"Circumcenters" Example Sentences
1. The circumcenters of all triangles lie on the circumcircle.
2. The circumcenters of obtuse triangles lie on the extension of the base.
3. The circumcenters of right triangles lie on the midpoint of the hypotenuse.
4. The circumcenters of acute triangles lie inside the triangle itself.
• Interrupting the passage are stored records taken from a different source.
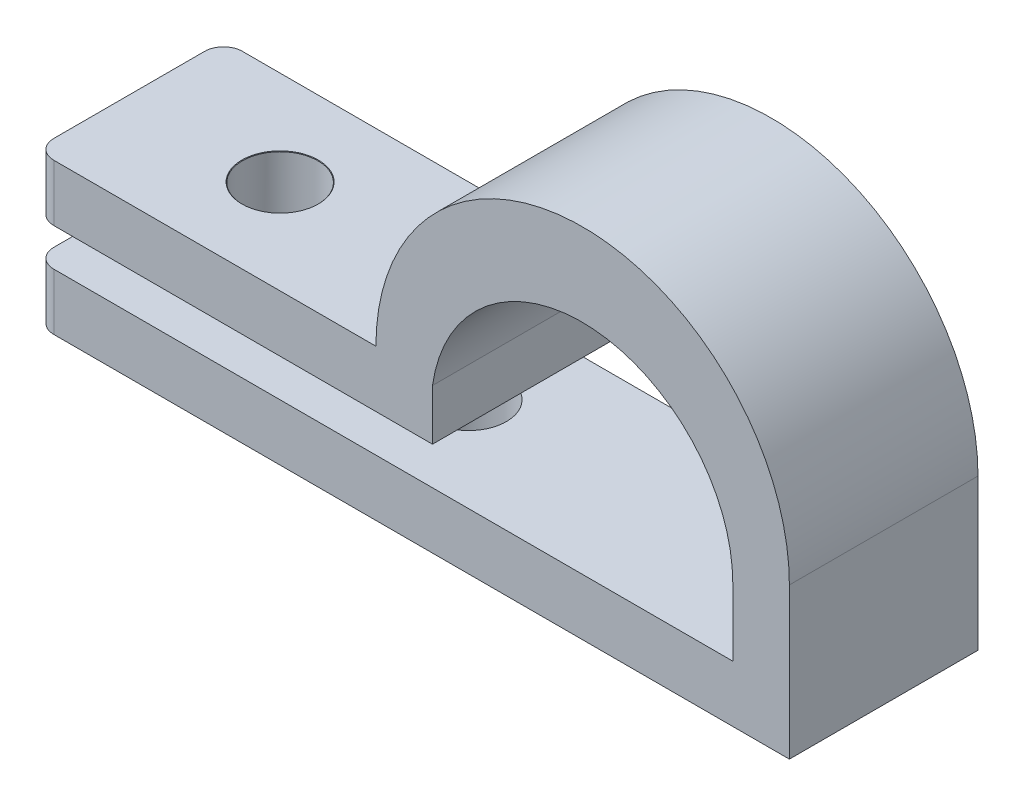
ISO-10303-21;
HEADER;
FILE_DESCRIPTION(('STEP AP214'),'2;1');
FILE_NAME('part.step','',(''),(''),'','','');
FILE_SCHEMA(('AUTOMOTIVE_DESIGN { 1 0 10303 214 1 1 1 1 }'));
ENDSEC;
DATA;
#1=APPLICATION_CONTEXT('core data for automotive mechanical design processes');
#2=APPLICATION_PROTOCOL_DEFINITION('international standard','automotive_design',2000,#1);
#3=PRODUCT_CONTEXT('',#1,'mechanical');
#4=PRODUCT('Part','Part','',(#3));
#5=PRODUCT_RELATED_PRODUCT_CATEGORY('part','',(#4));
#6=PRODUCT_DEFINITION_FORMATION('','',#4);
#7=PRODUCT_DEFINITION_CONTEXT('part definition',#1,'design');
#8=PRODUCT_DEFINITION('design','',#6,#7);
#9=PRODUCT_DEFINITION_SHAPE('','',#8);
#10=(LENGTH_UNIT() NAMED_UNIT(*) SI_UNIT(.MILLI.,.METRE.));
#11=(NAMED_UNIT(*) PLANE_ANGLE_UNIT() SI_UNIT($,.RADIAN.));
#12=(NAMED_UNIT(*) SI_UNIT($,.STERADIAN.) SOLID_ANGLE_UNIT());
#13=UNCERTAINTY_MEASURE_WITH_UNIT(LENGTH_MEASURE(1.E-05),#10,'distance_accuracy_value','');
#14=(GEOMETRIC_REPRESENTATION_CONTEXT(3) GLOBAL_UNCERTAINTY_ASSIGNED_CONTEXT((#13)) GLOBAL_UNIT_ASSIGNED_CONTEXT((#10,
#11,#12)) REPRESENTATION_CONTEXT('',''));
#15=CARTESIAN_POINT('',(0.,0.,0.));
#16=DIRECTION('',(0.,0.,1.));
#17=DIRECTION('',(1.,0.,0.));
#18=AXIS2_PLACEMENT_3D('',#15,#16,#17);
#19=CARTESIAN_POINT('',(0.,0.,-5.));
#20=DIRECTION('',(-1.,0.,0.));
#21=DIRECTION('',(0.,0.,1.));
#22=AXIS2_PLACEMENT_3D('',#19,#20,#21);
#23=PLANE('',#22);
#24=DIRECTION('',(0.,0.,1.));
#25=VECTOR('',#24,1.);
#26=CARTESIAN_POINT('',(0.,0.,-5.));
#27=LINE('',#26,#25);
#28=CARTESIAN_POINT('',(0.,0.,-4.));
#29=VERTEX_POINT('',#28);
#30=CARTESIAN_POINT('',(0.,0.,4.));
#31=VERTEX_POINT('',#30);
#32=EDGE_CURVE('E178',#29,#31,#27,.T.);
#33=ORIENTED_EDGE('',*,*,#32,.T.);
#34=DIRECTION('',(0.,-1.,0.));
#35=VECTOR('',#34,1.);
#36=CARTESIAN_POINT('',(0.,3.,4.));
#37=LINE('',#36,#35);
#38=CARTESIAN_POINT('',(0.,3.,4.));
#39=VERTEX_POINT('',#38);
#40=EDGE_CURVE('E196',#31,#39,#37,.F.);
#41=ORIENTED_EDGE('',*,*,#40,.T.);
#42=DIRECTION('',(0.,0.,1.));
#43=VECTOR('',#42,1.);
#44=CARTESIAN_POINT('',(0.,3.,-5.));
#45=LINE('',#44,#43);
#46=CARTESIAN_POINT('',(0.,3.,-4.));
#47=VERTEX_POINT('',#46);
#48=EDGE_CURVE('E186',#47,#39,#45,.T.);
#49=ORIENTED_EDGE('',*,*,#48,.F.);
#50=DIRECTION('',(0.,-1.,0.));
#51=VECTOR('',#50,1.);
#52=CARTESIAN_POINT('',(0.,0.,-4.));
#53=LINE('',#52,#51);
#54=EDGE_CURVE('E193',#47,#29,#53,.T.);
#55=ORIENTED_EDGE('',*,*,#54,.T.);
#56=EDGE_LOOP('',(#33,#41,#49,#55));
#57=FACE_BOUND('',#56,.T.);
#58=ADVANCED_FACE('F33',(#57),#23,.T.);
#59=CARTESIAN_POINT('',(0.,3.,-5.));
#60=DIRECTION('',(0.,1.,0.));
#61=DIRECTION('',(0.,0.,1.));
#62=AXIS2_PLACEMENT_3D('',#59,#60,#61);
#63=PLANE('',#62);
#64=CARTESIAN_POINT('',(8.,3.,0.));
#65=DIRECTION('',(0.,1.,0.));
#66=DIRECTION('',(0.,0.,1.));
#67=AXIS2_PLACEMENT_3D('',#64,#65,#66);
#68=CIRCLE('',#67,2.);
#69=CARTESIAN_POINT('',(8.,3.,2.));
#70=VERTEX_POINT('',#69);
#71=EDGE_CURVE('E150',#70,#70,#68,.T.);
#72=ORIENTED_EDGE('',*,*,#71,.F.);
#73=EDGE_LOOP('',(#72));
#74=FACE_BOUND('',#73,.T.);
#75=CARTESIAN_POINT('',(18.,3.,0.));
#76=DIRECTION('',(0.,1.,0.));
#77=DIRECTION('',(0.,0.,1.));
#78=AXIS2_PLACEMENT_3D('',#75,#76,#77);
#79=CIRCLE('',#78,2.);
#80=CARTESIAN_POINT('',(18.,3.,2.));
#81=VERTEX_POINT('',#80);
#82=EDGE_CURVE('E37',#81,#81,#79,.T.);
#83=ORIENTED_EDGE('',*,*,#82,.F.);
#84=EDGE_LOOP('',(#83));
#85=FACE_BOUND('',#84,.T.);
#86=ORIENTED_EDGE('',*,*,#48,.T.);
#87=CARTESIAN_POINT('',(1.,3.,4.));
#88=DIRECTION('',(0.,1.,0.));
#89=DIRECTION('',(0.,0.,1.));
#90=AXIS2_PLACEMENT_3D('',#87,#88,#89);
#91=CIRCLE('',#90,1.);
#92=CARTESIAN_POINT('',(1.,3.,5.));
#93=VERTEX_POINT('',#92);
#94=EDGE_CURVE('E200',#39,#93,#91,.T.);
#95=ORIENTED_EDGE('',*,*,#94,.T.);
#96=DIRECTION('',(-1.,0.,0.));
#97=VECTOR('',#96,1.);
#98=CARTESIAN_POINT('',(0.,3.,5.));
#99=LINE('',#98,#97);
#100=CARTESIAN_POINT('',(37.,3.,5.));
#101=VERTEX_POINT('',#100);
#102=EDGE_CURVE('E272',#101,#93,#99,.T.);
#103=ORIENTED_EDGE('',*,*,#102,.F.);
#104=DIRECTION('',(0.,0.,1.));
#105=VECTOR('',#104,1.);
#106=CARTESIAN_POINT('',(37.,3.,-5.));
#107=LINE('',#106,#105);
#108=CARTESIAN_POINT('',(37.,3.,-5.));
#109=VERTEX_POINT('',#108);
#110=EDGE_CURVE('E246',#109,#101,#107,.T.);
#111=ORIENTED_EDGE('',*,*,#110,.F.);
#112=DIRECTION('',(-1.,0.,0.));
#113=VECTOR('',#112,1.);
#114=CARTESIAN_POINT('',(0.,3.,-5.));
#115=LINE('',#114,#113);
#116=CARTESIAN_POINT('',(1.,3.,-5.));
#117=VERTEX_POINT('',#116);
#118=EDGE_CURVE('E181',#109,#117,#115,.T.);
#119=ORIENTED_EDGE('',*,*,#118,.T.);
#120=CARTESIAN_POINT('',(1.,3.,-4.));
#121=DIRECTION('',(0.,1.,0.));
#122=DIRECTION('',(0.,0.,1.));
#123=AXIS2_PLACEMENT_3D('',#120,#121,#122);
#124=CIRCLE('',#123,1.);
#125=EDGE_CURVE('E198',#117,#47,#124,.T.);
#126=ORIENTED_EDGE('',*,*,#125,.T.);
#127=EDGE_LOOP('',(#86,#95,#103,#111,#119,#126));
#128=FACE_BOUND('',#127,.T.);
#129=ADVANCED_FACE('F324',(#74,#85,#128),#63,.T.);
#130=CARTESIAN_POINT('',(37.,3.,-5.));
#131=DIRECTION('',(-1.,0.,0.));
#132=DIRECTION('',(0.,-1.,0.));
#133=AXIS2_PLACEMENT_3D('',#130,#131,#132);
#134=PLANE('',#133);
#135=ORIENTED_EDGE('',*,*,#110,.T.);
#136=DIRECTION('',(0.,-1.,0.));
#137=VECTOR('',#136,1.);
#138=CARTESIAN_POINT('',(37.,3.,5.));
#139=LINE('',#138,#137);
#140=CARTESIAN_POINT('',(37.,6.57337005023585,5.));
#141=VERTEX_POINT('',#140);
#142=EDGE_CURVE('E274',#141,#101,#139,.T.);
#143=ORIENTED_EDGE('',*,*,#142,.F.);
#144=DIRECTION('',(0.,0.,1.));
#145=VECTOR('',#144,1.);
#146=CARTESIAN_POINT('',(37.,6.57337005023585,-5.));
#147=LINE('',#146,#145);
#148=CARTESIAN_POINT('',(37.,6.57337005023585,-5.));
#149=VERTEX_POINT('',#148);
#150=EDGE_CURVE('E244',#149,#141,#147,.T.);
#151=ORIENTED_EDGE('',*,*,#150,.F.);
#152=DIRECTION('',(0.,-1.,0.));
#153=VECTOR('',#152,1.);
#154=CARTESIAN_POINT('',(37.,3.,-5.));
#155=LINE('',#154,#153);
#156=EDGE_CURVE('E252',#149,#109,#155,.T.);
#157=ORIENTED_EDGE('',*,*,#156,.T.);
#158=EDGE_LOOP('',(#135,#143,#151,#157));
#159=FACE_BOUND('',#158,.T.);
#160=ADVANCED_FACE('F330',(#159),#134,.T.);
#161=CARTESIAN_POINT('',(29.,6.57337005023585,-5.));
#162=DIRECTION('',(0.,0.,1.));
#163=DIRECTION('',(1.,0.,0.));
#164=AXIS2_PLACEMENT_3D('',#161,#162,#163);
#165=CYLINDRICAL_SURFACE('',#164,8.);
#166=ORIENTED_EDGE('',*,*,#150,.T.);
#167=CARTESIAN_POINT('',(29.,6.57337005023585,5.));
#168=DIRECTION('',(0.,0.,-1.));
#169=DIRECTION('',(-1.,0.,0.));
#170=AXIS2_PLACEMENT_3D('',#167,#168,#169);
#171=CIRCLE('',#170,8.);
#172=CARTESIAN_POINT('',(21.0790855730698,7.69547282683365,5.));
#173=VERTEX_POINT('',#172);
#174=EDGE_CURVE('E277',#173,#141,#171,.T.);
#175=ORIENTED_EDGE('',*,*,#174,.F.);
#176=DIRECTION('',(0.,0.,1.));
#177=VECTOR('',#176,1.);
#178=CARTESIAN_POINT('',(21.0790855730698,7.69547282683365,-5.));
#179=LINE('',#178,#177);
#180=CARTESIAN_POINT('',(21.0790855730698,7.69547282683365,-5.));
#181=VERTEX_POINT('',#180);
#182=EDGE_CURVE('E240',#181,#173,#179,.T.);
#183=ORIENTED_EDGE('',*,*,#182,.F.);
#184=CARTESIAN_POINT('',(29.,6.57337005023585,-5.));
#185=DIRECTION('',(0.,0.,-1.));
#186=DIRECTION('',(-1.,0.,0.));
#187=AXIS2_PLACEMENT_3D('',#184,#185,#186);
#188=CIRCLE('',#187,8.);
#189=EDGE_CURVE('E255',#181,#149,#188,.T.);
#190=ORIENTED_EDGE('',*,*,#189,.T.);
#191=EDGE_LOOP('',(#166,#175,#183,#190));
#192=FACE_BOUND('',#191,.T.);
#193=ADVANCED_FACE('F382',(#192),#165,.F.);
#194=CARTESIAN_POINT('',(21.0790855730698,5.,-5.));
#195=DIRECTION('',(1.,0.,0.));
#196=DIRECTION('',(0.,0.,-1.));
#197=AXIS2_PLACEMENT_3D('',#194,#195,#196);
#198=PLANE('',#197);
#199=ORIENTED_EDGE('',*,*,#182,.T.);
#200=DIRECTION('',(0.,1.,0.));
#201=VECTOR('',#200,1.);
#202=CARTESIAN_POINT('',(21.0790855730698,5.,5.));
#203=LINE('',#202,#201);
#204=CARTESIAN_POINT('',(21.0790855730698,5.,5.));
#205=VERTEX_POINT('',#204);
#206=EDGE_CURVE('E280',#205,#173,#203,.T.);
#207=ORIENTED_EDGE('',*,*,#206,.F.);
#208=DIRECTION('',(0.,0.,1.));
#209=VECTOR('',#208,1.);
#210=CARTESIAN_POINT('',(21.0790855730698,5.,-5.));
#211=LINE('',#210,#209);
#212=CARTESIAN_POINT('',(21.0790855730698,5.,-5.));
#213=VERTEX_POINT('',#212);
#214=EDGE_CURVE('E239',#213,#205,#211,.T.);
#215=ORIENTED_EDGE('',*,*,#214,.F.);
#216=DIRECTION('',(0.,1.,0.));
#217=VECTOR('',#216,1.);
#218=CARTESIAN_POINT('',(21.0790855730698,5.,-5.));
#219=LINE('',#218,#217);
#220=EDGE_CURVE('E258',#213,#181,#219,.T.);
#221=ORIENTED_EDGE('',*,*,#220,.T.);
#222=EDGE_LOOP('',(#199,#207,#215,#221));
#223=FACE_BOUND('',#222,.T.);
#224=ADVANCED_FACE('F379',(#223),#198,.T.);
#225=CARTESIAN_POINT('',(0.,5.,-5.));
#226=DIRECTION('',(0.,-1.,0.));
#227=DIRECTION('',(0.,0.,-1.));
#228=AXIS2_PLACEMENT_3D('',#225,#226,#227);
#229=PLANE('',#228);
#230=CARTESIAN_POINT('',(8.,5.,0.));
#231=DIRECTION('',(0.,-1.,0.));
#232=DIRECTION('',(0.,0.,-1.));
#233=AXIS2_PLACEMENT_3D('',#230,#231,#232);
#234=CIRCLE('',#233,2.);
#235=CARTESIAN_POINT('',(8.,5.,-2.));
#236=VERTEX_POINT('',#235);
#237=EDGE_CURVE('E299',#236,#236,#234,.T.);
#238=ORIENTED_EDGE('',*,*,#237,.F.);
#239=EDGE_LOOP('',(#238));
#240=FACE_BOUND('',#239,.T.);
#241=CARTESIAN_POINT('',(18.,5.,0.));
#242=DIRECTION('',(0.,-1.,0.));
#243=DIRECTION('',(0.,0.,-1.));
#244=AXIS2_PLACEMENT_3D('',#241,#242,#243);
#245=CIRCLE('',#244,2.);
#246=CARTESIAN_POINT('',(18.,5.,-2.));
#247=VERTEX_POINT('',#246);
#248=EDGE_CURVE('E289',#247,#247,#245,.T.);
#249=ORIENTED_EDGE('',*,*,#248,.F.);
#250=EDGE_LOOP('',(#249));
#251=FACE_BOUND('',#250,.T.);
#252=DIRECTION('',(1.,0.,0.));
#253=VECTOR('',#252,1.);
#254=CARTESIAN_POINT('',(0.,5.,5.));
#255=LINE('',#254,#253);
#256=CARTESIAN_POINT('',(1.,5.,5.));
#257=VERTEX_POINT('',#256);
#258=EDGE_CURVE('E227',#257,#205,#255,.T.);
#259=ORIENTED_EDGE('',*,*,#258,.F.);
#260=CARTESIAN_POINT('',(1.,5.,4.));
#261=DIRECTION('',(0.,-1.,0.));
#262=DIRECTION('',(0.,0.,-1.));
#263=AXIS2_PLACEMENT_3D('',#260,#261,#262);
#264=CIRCLE('',#263,1.);
#265=CARTESIAN_POINT('',(0.,5.,4.));
#266=VERTEX_POINT('',#265);
#267=EDGE_CURVE('E204',#257,#266,#264,.T.);
#268=ORIENTED_EDGE('',*,*,#267,.T.);
#269=DIRECTION('',(0.,0.,1.));
#270=VECTOR('',#269,1.);
#271=CARTESIAN_POINT('',(0.,5.,-5.));
#272=LINE('',#271,#270);
#273=CARTESIAN_POINT('',(0.,5.,-4.));
#274=VERTEX_POINT('',#273);
#275=EDGE_CURVE('E234',#274,#266,#272,.T.);
#276=ORIENTED_EDGE('',*,*,#275,.F.);
#277=CARTESIAN_POINT('',(1.,5.,-4.));
#278=DIRECTION('',(0.,-1.,0.));
#279=DIRECTION('',(0.,0.,-1.));
#280=AXIS2_PLACEMENT_3D('',#277,#278,#279);
#281=CIRCLE('',#280,1.);
#282=CARTESIAN_POINT('',(1.,5.,-5.));
#283=VERTEX_POINT('',#282);
#284=EDGE_CURVE('E202',#274,#283,#281,.T.);
#285=ORIENTED_EDGE('',*,*,#284,.T.);
#286=DIRECTION('',(1.,0.,0.));
#287=VECTOR('',#286,1.);
#288=CARTESIAN_POINT('',(0.,5.,-5.));
#289=LINE('',#288,#287);
#290=EDGE_CURVE('E261',#283,#213,#289,.T.);
#291=ORIENTED_EDGE('',*,*,#290,.T.);
#292=ORIENTED_EDGE('',*,*,#214,.T.);
#293=EDGE_LOOP('',(#259,#268,#276,#285,#291,#292));
#294=FACE_BOUND('',#293,.T.);
#295=ADVANCED_FACE('F233',(#240,#251,#294),#229,.T.);
#296=CARTESIAN_POINT('',(0.,5.,-5.));
#297=DIRECTION('',(-1.,0.,0.));
#298=DIRECTION('',(0.,0.,1.));
#299=AXIS2_PLACEMENT_3D('',#296,#297,#298);
#300=PLANE('',#299);
#301=ORIENTED_EDGE('',*,*,#275,.T.);
#302=DIRECTION('',(0.,-1.,0.));
#303=VECTOR('',#302,1.);
#304=CARTESIAN_POINT('',(0.,8.,4.));
#305=LINE('',#304,#303);
#306=CARTESIAN_POINT('',(0.,8.,4.));
#307=VERTEX_POINT('',#306);
#308=EDGE_CURVE('E209',#266,#307,#305,.F.);
#309=ORIENTED_EDGE('',*,*,#308,.T.);
#310=DIRECTION('',(0.,0.,1.));
#311=VECTOR('',#310,1.);
#312=CARTESIAN_POINT('',(0.,8.,-5.));
#313=LINE('',#312,#311);
#314=CARTESIAN_POINT('',(0.,8.,-4.));
#315=VERTEX_POINT('',#314);
#316=EDGE_CURVE('E170',#315,#307,#313,.T.);
#317=ORIENTED_EDGE('',*,*,#316,.F.);
#318=DIRECTION('',(0.,-1.,0.));
#319=VECTOR('',#318,1.);
#320=CARTESIAN_POINT('',(0.,5.,-4.));
#321=LINE('',#320,#319);
#322=EDGE_CURVE('E206',#315,#274,#321,.T.);
#323=ORIENTED_EDGE('',*,*,#322,.T.);
#324=EDGE_LOOP('',(#301,#309,#317,#323));
#325=FACE_BOUND('',#324,.T.);
#326=ADVANCED_FACE('F237',(#325),#300,.T.);
#327=CARTESIAN_POINT('',(0.,8.,-5.));
#328=DIRECTION('',(0.,1.,0.));
#329=DIRECTION('',(0.,0.,1.));
#330=AXIS2_PLACEMENT_3D('',#327,#328,#329);
#331=PLANE('',#330);
#332=CARTESIAN_POINT('',(8.,8.,0.));
#333=DIRECTION('',(0.,1.,0.));
#334=DIRECTION('',(0.,0.,1.));
#335=AXIS2_PLACEMENT_3D('',#332,#333,#334);
#336=CIRCLE('',#335,2.025);
#337=CARTESIAN_POINT('',(8.,8.,2.025));
#338=VERTEX_POINT('',#337);
#339=EDGE_CURVE('E308',#338,#338,#336,.T.);
#340=ORIENTED_EDGE('',*,*,#339,.F.);
#341=EDGE_LOOP('',(#340));
#342=FACE_BOUND('',#341,.T.);
#343=CARTESIAN_POINT('',(18.,8.,0.));
#344=DIRECTION('',(0.,1.,0.));
#345=DIRECTION('',(0.,0.,1.));
#346=AXIS2_PLACEMENT_3D('',#343,#344,#345);
#347=CIRCLE('',#346,2.025);
#348=CARTESIAN_POINT('',(18.0790855730698,8.,-2.0234550828057));
#349=VERTEX_POINT('',#348);
#350=CARTESIAN_POINT('',(18.0790855730698,8.,2.0234550828057));
#351=VERTEX_POINT('',#350);
#352=EDGE_CURVE('E145',#349,#351,#347,.T.);
#353=ORIENTED_EDGE('',*,*,#352,.F.);
#354=DIRECTION('',(0.,0.,1.));
#355=VECTOR('',#354,1.);
#356=CARTESIAN_POINT('',(18.0790855730698,8.,-5.));
#357=LINE('',#356,#355);
#358=CARTESIAN_POINT('',(18.0790855730698,8.,-5.));
#359=VERTEX_POINT('',#358);
#360=EDGE_CURVE('E167',#359,#349,#357,.T.);
#361=ORIENTED_EDGE('',*,*,#360,.F.);
#362=DIRECTION('',(-1.,0.,0.));
#363=VECTOR('',#362,1.);
#364=CARTESIAN_POINT('',(0.,8.,-5.));
#365=LINE('',#364,#363);
#366=CARTESIAN_POINT('',(1.,8.,-5.));
#367=VERTEX_POINT('',#366);
#368=EDGE_CURVE('E263',#359,#367,#365,.T.);
#369=ORIENTED_EDGE('',*,*,#368,.T.);
#370=CARTESIAN_POINT('',(1.,8.,-4.));
#371=DIRECTION('',(0.,1.,0.));
#372=DIRECTION('',(0.,0.,1.));
#373=AXIS2_PLACEMENT_3D('',#370,#371,#372);
#374=CIRCLE('',#373,1.);
#375=EDGE_CURVE('E211',#367,#315,#374,.T.);
#376=ORIENTED_EDGE('',*,*,#375,.T.);
#377=ORIENTED_EDGE('',*,*,#316,.T.);
#378=CARTESIAN_POINT('',(1.,8.,4.));
#379=DIRECTION('',(0.,1.,0.));
#380=DIRECTION('',(0.,0.,1.));
#381=AXIS2_PLACEMENT_3D('',#378,#379,#380);
#382=CIRCLE('',#381,1.);
#383=CARTESIAN_POINT('',(1.,8.,5.));
#384=VERTEX_POINT('',#383);
#385=EDGE_CURVE('E213',#307,#384,#382,.T.);
#386=ORIENTED_EDGE('',*,*,#385,.T.);
#387=DIRECTION('',(-1.,0.,0.));
#388=VECTOR('',#387,1.);
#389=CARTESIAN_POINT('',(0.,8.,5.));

5. The circumcenters of isosceles triangles lie on the perpendicular bisector of the base.
6. The circumcenters of scalene triangles lie at different positions based on the side lengths.
7. The circumcenters of equilateral triangles coincide with their centroid and orthocenter.
8. A set of collinear circumcenters can exist only in the case of a straight line.
9. The circumcenters of a cyclic quadrilateral are the intersections of the perpendicular bisectors.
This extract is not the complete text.